Our larger “child bearing” hipped ladies also tend to have laxer joints which are better for repair following injury.  Our younger sisters, whose oestrogen levels are still in tact also have better muscle mass and strength, since there are oestrogen receptors present in all musculoskeletal tissues (that’s muscle, ligament and tendon as well as bone).  They also have good collagen content in connective tissues which accounts for the elasticity in the muscle.  This is why post menopausal women are more prone to musculoskeletal injury.  However, too high an oestrogen level can decrease power and performance and make women more prone to catastrophic ligament injury (see this article).

Inner thigh muscles tighten because of activities where gripping is required, such as horse riding.  It’s not usually a circumstance in which one would stop to stretch out either! Another culprit activity is cycling in which you draw the thighs inwards to control the bike and rarely open them wide.  If your legs can’t fall 90 degrees or more away from each other when you have your heels up against the wall (Wall Straddle), you know the abductors are tight.  Some low back pain comes from having overly tight abcuctors and can also pull your knees out of alignment – knocking them inwards, which has consequences for the ankles and causes pronation in the feet.  You are also more susceptible to groin injuries. Weak glutes will also contribute to an imbalance of muscular tension as overactive adductors and hip flexors often go hand in hand with weak gluteus maxims, medius and minimus.

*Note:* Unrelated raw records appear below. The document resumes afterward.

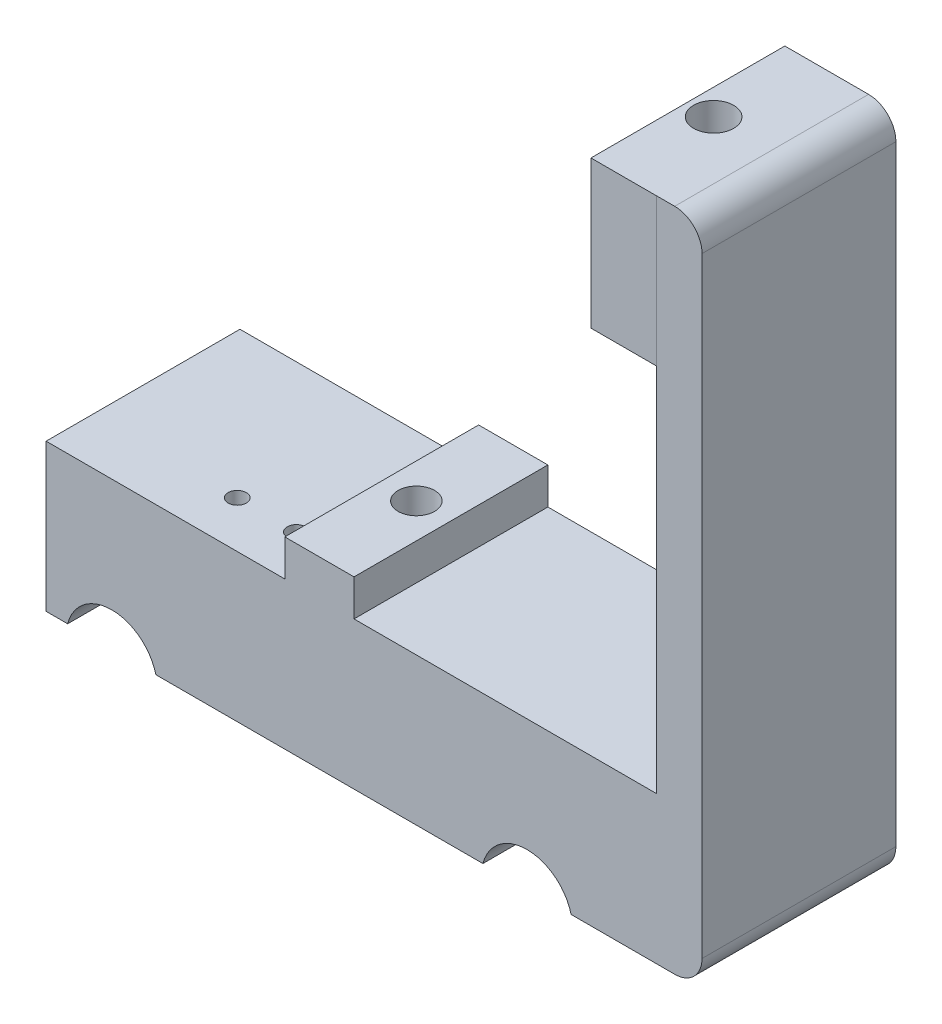
SolidWorks part; units mm, degrees
ref_plane "Front Plane" through (0, 0, 0) normal (0, 0, 1) x (1, 0, 0)
ref_plane "Top Plane" through (0, 0, 0) normal (0, 1, 0) x (1, 0, 0)
ref_plane "Right Plane" through (0, 0, 0) normal (1, 0, 0) x (0, 0, -1)
sketch "Sketch2" plane through (0, 0, 0) normal (0, 0, 1) x (1, 0, 0)
  line L0 (10.1, 0) -> (-10.1, 0)
  line L1 (-10.1, 0) -> (-10.1, 1.7099)
  line L2 (-10.1, 1.7099) -> (-6.2548, 7)
  line L3 (-6.2548, 7) -> (6.2548, 7)
  line L4 (0, 7) -> (0, 0)
  line L5 (0, 0) -> (0, 9.2516) construction
  line L6 (10.1, 1.7099) -> (6.2548, 7)
  line L7 (10.1, 0) -> (10.1, 1.7099)
  dimension "D1" = 20.2
  dimension "D2" = 7
extrude "Boss-Extrude1" add sketch "Sketch2" along normal blind 10.8 contours L4 L3 L2 L1 L0 | L0 L7 L6 L3 L4 region at (4.4168, 3.2082, 0) region at (-4.4168, 3.2082, 0)
sketch "Sketch4" plane through (0, 0, 0) normal (0, 0, 1) x (1, 0, 0)
  line L0 (-3.8, 0) -> (-3.8, -4.8)
  line L1 (10.1, 0) -> (-10.1, 0) construction
  line L2 (-3.8, -4.8) -> (-30, -4.8)
  line L3 (-30, -4.8) -> (-30, -29.8)
  line L4 (-30, -29.8) -> (30, -29.8)
  line L5 (0, 0) -> (0, -29.8) construction
  line L6 (0, -29.8) -> (0, 0)
  line L7 (3.8, 0) -> (-3.8, 0)
  line L8 (0, 0) -> (0, -30.5381) construction
  line L9 (30, -4.8) -> (30, -29.8)
  line L10 (3.8, -4.8) -> (30, -4.8)
  line L11 (3.8, 0) -> (3.8, -4.8)
  line L13 (-30, -20.98) -> (30, -20.98)
  line L14 (-30, -20.98) -> (-30, -23.48)
  line L15 (-30, -23.48) -> (30, -23.48)
  line L16 (30, -20.98) -> (30, -23.48)
  dimension "D1" = 4.8
  dimension "D2" = 3.8
  dimension "D3" = 25
  dimension "D4" = 60
  dimension "D6" = 8.82
extrude "Boss-Extrude2" add sketch "Sketch4" along normal mid plane 21.28 contours L6 L7 L0 L2 L3 L4 | L11 L7 L6 L4 L9 L10 region at (-14.5256, -12.5101, 0) region at (14.5256, -12.5101, 0)
sketch "Sketch5" plane through (0, 0, 0) normal (0, 0, 1) x (1, 0, 0)
  line L0 (-29.791, -22.2274) -> (26.9734, -22.2274) construction
  line L3 (0, -20.98) -> (0, 7) construction
  line L5 (-6.2548, 7) -> (6.2548, 7) construction
  line L20 (-30, -20.98) -> (30, -20.98) construction
  circle A0 centre (-22.791, -22.2274) radius 5
  circle A1 centre (22.791, -22.2274) radius 5
  dimension "D1" = 7
extrude "Cut-Extrude1" cut sketch "Sketch5" along normal through all both and the other way through all
fillet "Fillet1" radius 1 6 edges at (-10.1, 0, 5.4) (-10.1, 1.7099, 5.4) (-6.2548, 7, 5.4) (6.2548, 7, 5.4) (10.1, 0, 5.4) (10.1, 1.7099, 5.4)
sketch "Sketch6" plane through (30, 0, 0) normal (1, 0, 0) x (0, 0, -1)
  line L0 (-10.64, -20.98) -> (10.64, -20.98) construction
  line L1 (-10.64, -4.8) -> (10.64, -4.8)
  line L2 (-10.64, -4.8) -> (-10.64, -20.98)
  line L3 (-10.64, -20.98) -> (10.64, -20.98)
  line L4 (10.64, -4.8) -> (10.64, -20.98)
extrude "Boss-Extrude3" add sketch "Sketch6" along normal blind 12
sketch "Sketch7" plane through (0, -4.8, 0) normal (0, 1, 0) x (1, 0, 0)
  line L0 (3.8, -10.64) -> (42, -10.64) construction
  line L1 (42, 10.6413) -> (37, 10.6413)
  line L2 (42, 10.6413) -> (42, -10.64)
  line L3 (42, -10.64) -> (37, -10.64)
  line L4 (37, 10.6413) -> (37, -10.64)
  dimension "D1" = 5
extrude "Boss-Extrude4" add sketch "Sketch7" along normal blind 56.83
sketch "Sketch8" plane through (37, 0, 0) normal (-1, 0, 0) x (0, 0, 1)
  line L0 (-10.6413, 52.03) -> (-10.6413, -4.8) construction
  line L1 (10.643, 52.03) -> (-10.6413, 52.03)
  line L2 (10.643, 52.03) -> (10.643, 35.85)
  line L3 (10.643, 35.85) -> (-10.6413, 35.85)
  line L4 (-10.6413, 52.03) -> (-10.6413, 35.85)
  dimension "D1" = 16.18
extrude "Boss-Extrude5" add sketch "Sketch8" along normal blind 7.19
fillet "Fillet3" radius 3 2 edges at (42, 52.03, -0.0007) (42, -20.98, 0)
sketch "Sketch9" plane through (0, -20.98, 0) normal (0, -1, 0) x (1, 0, 0)
  line L0 (27.6329, 0) -> (27.6329, 10.8) construction
  line L2 (27.6329, 10.64) -> (39, 10.64) construction
  circle A0 centre (32.6329, 0) radius 2.2
  dimension "D1" = 5
  dimension "D2" = 10.64
extrude "Cut-Extrude2" cut sketch "Sketch9" against normal through all
sketch "Sketch10" plane through (0, -20.98, 0) normal (0, -1, 0) x (1, 0, 0)
  line L2 (-17.9491, 0) -> (-17.9491, 10.8) construction
  line L3 (-17.9491, 10.64) -> (17.9491, 10.64) construction
  circle A0 centre (0.0009, 0) radius 2
  dimension "D1" = 10.64
  dimension "D2" = 17.95
extrude "Cut-Extrude3" cut sketch "Sketch10" against normal through all
sketch "Sketch11" plane through (0, 0, 10.8) normal (0, 0, 1) x (1, 0, 0)
  line L0 (9.1, 0) -> (-9.1, 0) construction
  line L1 (-12.6098, 8.9215) -> (12.3675, 8.9215)
  line L2 (-12.6098, 8.9215) -> (-12.6098, -0.8)
  line L3 (-12.6098, -0.8) -> (12.3675, -0.8)
  line L4 (12.3675, 8.9215) -> (12.3675, -0.8)
  dimension "D1" = 0.8
extrude "Cut-Extrude4" cut sketch "Sketch11" against normal through all
sketch "Sketch12" plane through (0, -20.98, 0) normal (0, -1, 0) x (1, 0, 0)
  arc A0 (-8.6262, 5.538) -> (-6.6262, 5.538) centre (-7.6262, 5.538) ccw construction
  arc A1 (-6.6262, 5.538) -> (-8.6262, 5.538) centre (-7.6262, 5.538) ccw construction
  arc A2 (-15.1262, 5.538) -> (-13.1262, 5.538) centre (-14.1262, 5.538) ccw construction
  arc A3 (-13.1262, 5.538) -> (-15.1262, 5.538) centre (-14.1262, 5.538) ccw construction
  arc A4 (-8.6262, 5.538) -> (-6.6262, 5.538) centre (-7.6262, 5.538) ccw
  arc A5 (-6.6262, 5.538) -> (-8.6262, 5.538) centre (-7.6262, 5.538) ccw
  arc A6 (-15.1262, 5.538) -> (-13.1262, 5.538) centre (-14.1262, 5.538) ccw
  arc A7 (-13.1262, 5.538) -> (-15.1262, 5.538) centre (-14.1262, 5.538) ccw
extrude "Cut-Extrude5" cut sketch "Sketch12" against normal up to next

The situation in the pelvis is not helped by the lack of Oestrogen as we age.  It’s not only muscles whose structure and function is changed by a lack of our womanly hormone but ligaments and tendons which attach these tight adductors to our bones are also affected (see this article).  Generally speaking we focus on bone loss as a result of oestrogen deficiency as we age but more recently, research has shown that the muscular skeletal system is equally effected, especially because we have reduced elasticity in the connective tissues. Just a little sit in Easy Cross-legged Pose (Sukhasana) may highlight some hip tightness and groin and inner thigh restriction.  If you commit to doing this on the floor whilst watching TV, for even a short time each day, it will help ease out tightness in the groin and inner thigh but it’s not going to be a quick fix and may take a lot of practice to increase your range of movement.  You can also try some of the other poses we did this week at home using our class Plan – available here. Please only do this if you have already had instructions from me in class as not every teaching point is in the plan.

Hormone replacement therapy (HRT) is an obvious therapeutic intervention to counteract some of the negative aspects of menopause but if this is not recommended for or by you, there are other measures to take.  Further to your participation in Yoga and Fitness classes, it is important to address nutritional deficit by adding phytoestrogens and calcium to your diet.